__Exercise brief__
What lines of the data include the string "Joystick"? Copy them all.

Data entries
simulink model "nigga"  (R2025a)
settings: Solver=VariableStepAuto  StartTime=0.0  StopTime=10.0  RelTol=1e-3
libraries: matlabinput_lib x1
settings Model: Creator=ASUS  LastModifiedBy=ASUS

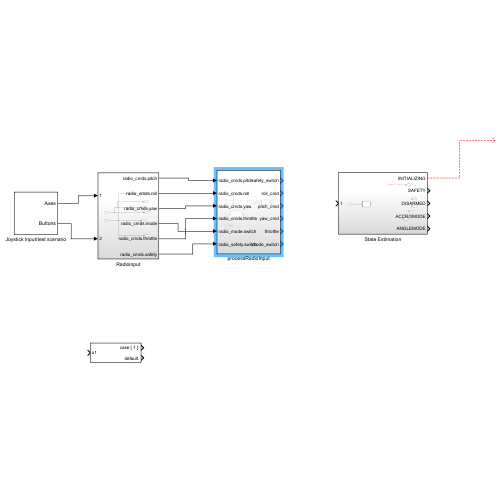
[thumbnail: Simulink's stored preview of the top-level diagram]
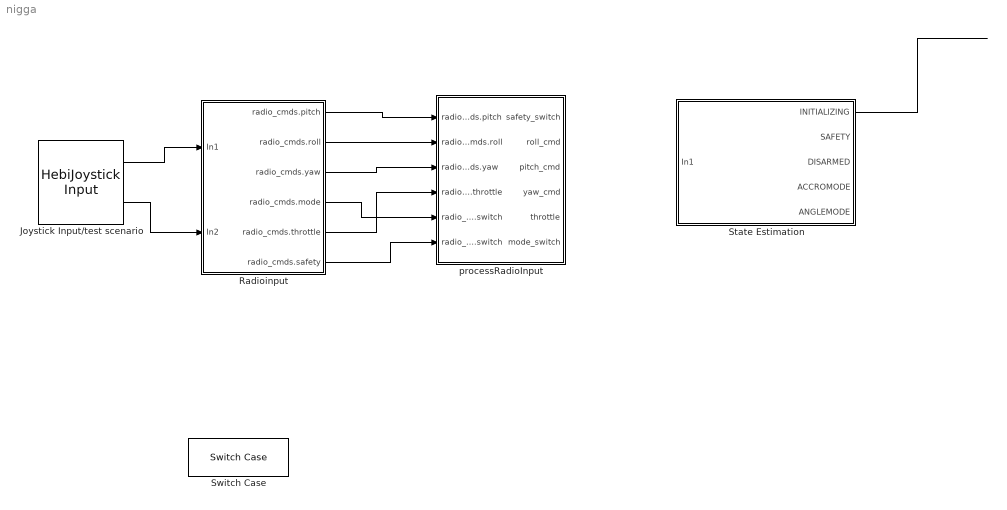
== system nigga ==
  Joystick Input/test scenario : matlabinput_lib/HebiJoystick Input  joyid=1  forcefeed=off
      settings: SourceProductName=MatlabInput
  Radioinput : Subsystem
  State Estimation : Subsystem
  Switch Case : SwitchCase
  processRadioInput : Subsystem
  wires:
  State Estimation/1(INITIALIZING) -> ?
  Joystick Input/test scenario/1 -> Radioinput/1(In1)
  Joystick Input/test scenario/2 -> Radioinput/2(In2)
  Radioinput/1(radio_cmds.pitch) -> processRadioInput/1(radio_cmds.pitch)
  Radioinput/2(radio_cmds.roll) -> processRadioInput/2(radio_cmds.roll)
  Radioinput/3(radio_cmds.yaw) -> processRadioInput/3(radio_cmds.yaw)
  Radioinput/5(radio_cmds.throttle) -> processRadioInput/4(radio_cmds.throttle)
  Radioinput/6(radio_cmds.safety) -> processRadioInput/6(radio_safety.switch)
  Radioinput/4(radio_cmds.mode) -> processRadioInput/5(radio_mode.switch)

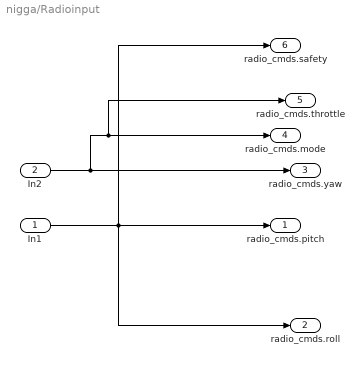
== system nigga/Radioinput ==
  In1 : Inport
  In2 : Inport  Port=2
  radio_cmds.pitch : Outport
  radio_cmds.roll : Outport  Port=2
  radio_cmds.yaw : Outport  Port=3
  radio_cmds.mode : Outport  Port=4
  radio_cmds.throttle : Outport  Port=5
  radio_cmds.safety : Outport  Port=6
  wires:
  In1/1 -> radio_cmds.roll/1, radio_cmds.safety/1, radio_cmds.pitch/1
  In2/1 -> radio_cmds.throttle/1, radio_cmds.mode/1, radio_cmds.yaw/1

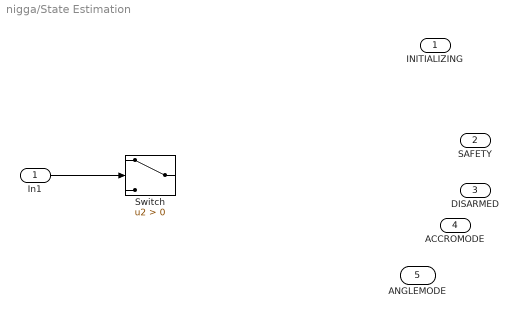
== system nigga/State Estimation ==
  In1 : Inport
  Switch : Switch  Criteria=u2 > Threshold  SaturateOnIntegerOverflow=off  InputSameDT=off
  INITIALIZING : Outport
  SAFETY : Outport  Port=2
  DISARMED : Outport  Port=3
  ACCROMODE : Outport  Port=4
  ANGLEMODE : Outport  Port=5
  wires:
  In1/1 -> Switch/2
  ? -> INITIALIZING/1

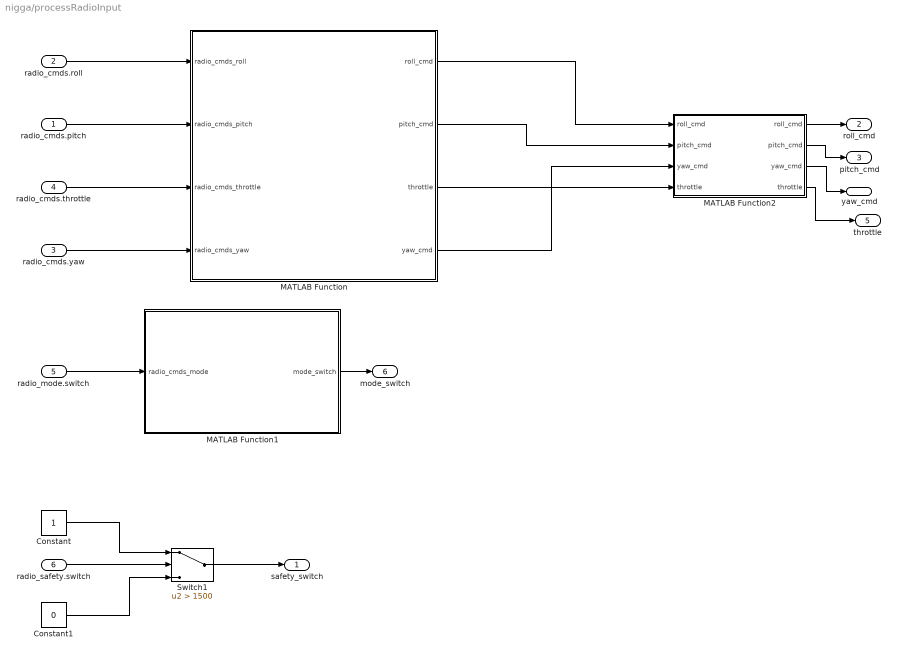
== system nigga/processRadioInput ==
  radio_cmds.pitch : Inport
  radio_cmds.roll : Inport  Port=2
  radio_cmds.yaw : Inport  Port=3
  radio_cmds.throttle : Inport  Port=4
  radio_mode.switch : Inport  Port=5
  radio_safety.switch : Inport  Port=6
  Constant : Constant
  Constant1 : Constant  Value=0
  MATLAB Function : MATLAB Function  TreatAsAtomicUnit=on
  MATLAB Function1 : MATLAB Function  TreatAsAtomicUnit=on
  MATLAB Function2 : MATLAB Function  TreatAsAtomicUnit=on
  Switch1 : Switch  Criteria=u2 > Threshold  Threshold=1500  SaturateOnIntegerOverflow=off  InputSameDT=off
  safety_switch : Outport
  roll_cmd : Outport  Port=2
  pitch_cmd : Outport  Port=3
  yaw_cmd : Outport  Port=4
  throttle : Outport  Port=5
  mode_switch : Outport  Port=6
  wires:
  radio_cmds.pitch/1 -> MATLAB Function/2(radio_cmds_pitch)
  radio_cmds.roll/1 -> MATLAB Function/1(radio_cmds_roll)
  radio_cmds.yaw/1 -> MATLAB Function/4(radio_cmds_yaw)
  radio_cmds.throttle/1 -> MATLAB Function/3(radio_cmds_throttle)
  MATLAB Function/1(roll_cmd) -> MATLAB Function2/1("roll_cmd ")
  MATLAB Function/2(pitch_cmd) -> MATLAB Function2/2("pitch_cmd ")
  MATLAB Function/3(throttle) -> MATLAB Function2/4("throttle ")
  MATLAB Function/4(yaw_cmd) -> MATLAB Function2/3("yaw_cmd ")
  MATLAB Function1/1(mode_switch) -> mode_switch/1
  radio_mode.switch/1 -> MATLAB Function1/1(radio_cmds_mode)
  radio_safety.switch/1 -> Switch1/2
  Constant1/1 -> Switch1/3
  Constant/1 -> Switch1/1
  Switch1/1 -> safety_switch/1
  MATLAB Function2/1(roll_cmd) -> roll_cmd/1
  MATLAB Function2/2(pitch_cmd) -> pitch_cmd/1
  MATLAB Function2/3(yaw_cmd) -> yaw_cmd/1
  MATLAB Function2/4(throttle) -> throttle/1

== matlab function nigga/processRadioInput/MATLAB Function1 ==
  data: radio_cmds_mode input; mode_switch output
function mode_switch = safetySwitch(radio_cmds_mode)


if radio_cmds_mode > 1700
       mode_switch = 1; % Angle mode
   elseif radio_cmds_mode < 1300
       mode_switch = 0; % Accro mode
   else
       mode_switch = 0; % Default to Accro

end

== matlab function nigga/processRadioInput/MATLAB Function ==
  data: radio_cmds_roll input; roll_cmd output; radio_cmds_pitch input; radio_cmds_throttle input; radio_cmds_yaw input; pitch_cmd output; throttle output; yaw_cmd output
function [roll_cmd, pitch_cmd, throttle, yaw_cmd]= scaleinputs(radio_cmds_roll,radio_cmds_pitch,radio_cmds_throttle,radio_cmds_yaw)
% Scale inputs to match your C++ code

   roll_cmd = (radio_cmds_roll - 1500) * 45 / 400;      % ±45 degrees
   pitch_cmd = (radio_cmds_pitch - 1500) * 45 / 400;    % ±45 degrees
   throttle = (radio_cmds_throttle - 1090) * 100 / 810; % 0-100%
   yaw_cmd = (radio_cmds_yaw - 1500) * 135 / 400;       % ±135 deg/s
end

== matlab function nigga/processRadioInput/MATLAB Function2 ==
  data: roll_cmd input; roll_cmd output; pitch_cmd output; yaw_cmd output; throttle output; pitch_cmd input; yaw_cmd input; throttle input
function [roll_cmd, pitch_cmd, yaw_cmd, throttle] = applyLimits(roll_cmd, pitch_cmd, yaw_cmd, throttle)

   roll_cmd = max(-45, min(45, roll_cmd));
   pitch_cmd = max(-45, min(45, pitch_cmd));
   yaw_cmd = max(-135, min(135, yaw_cmd));
   throttle = max(0, min(100, throttle));
end

__Exercise result__
  Joystick Input/test scenario : matlabinput_lib/HebiJoystick Input  joyid=1  forcefeed=off
  Joystick Input/test scenario/1 -> Radioinput/1(In1)
  Joystick Input/test scenario/2 -> Radioinput/2(In2)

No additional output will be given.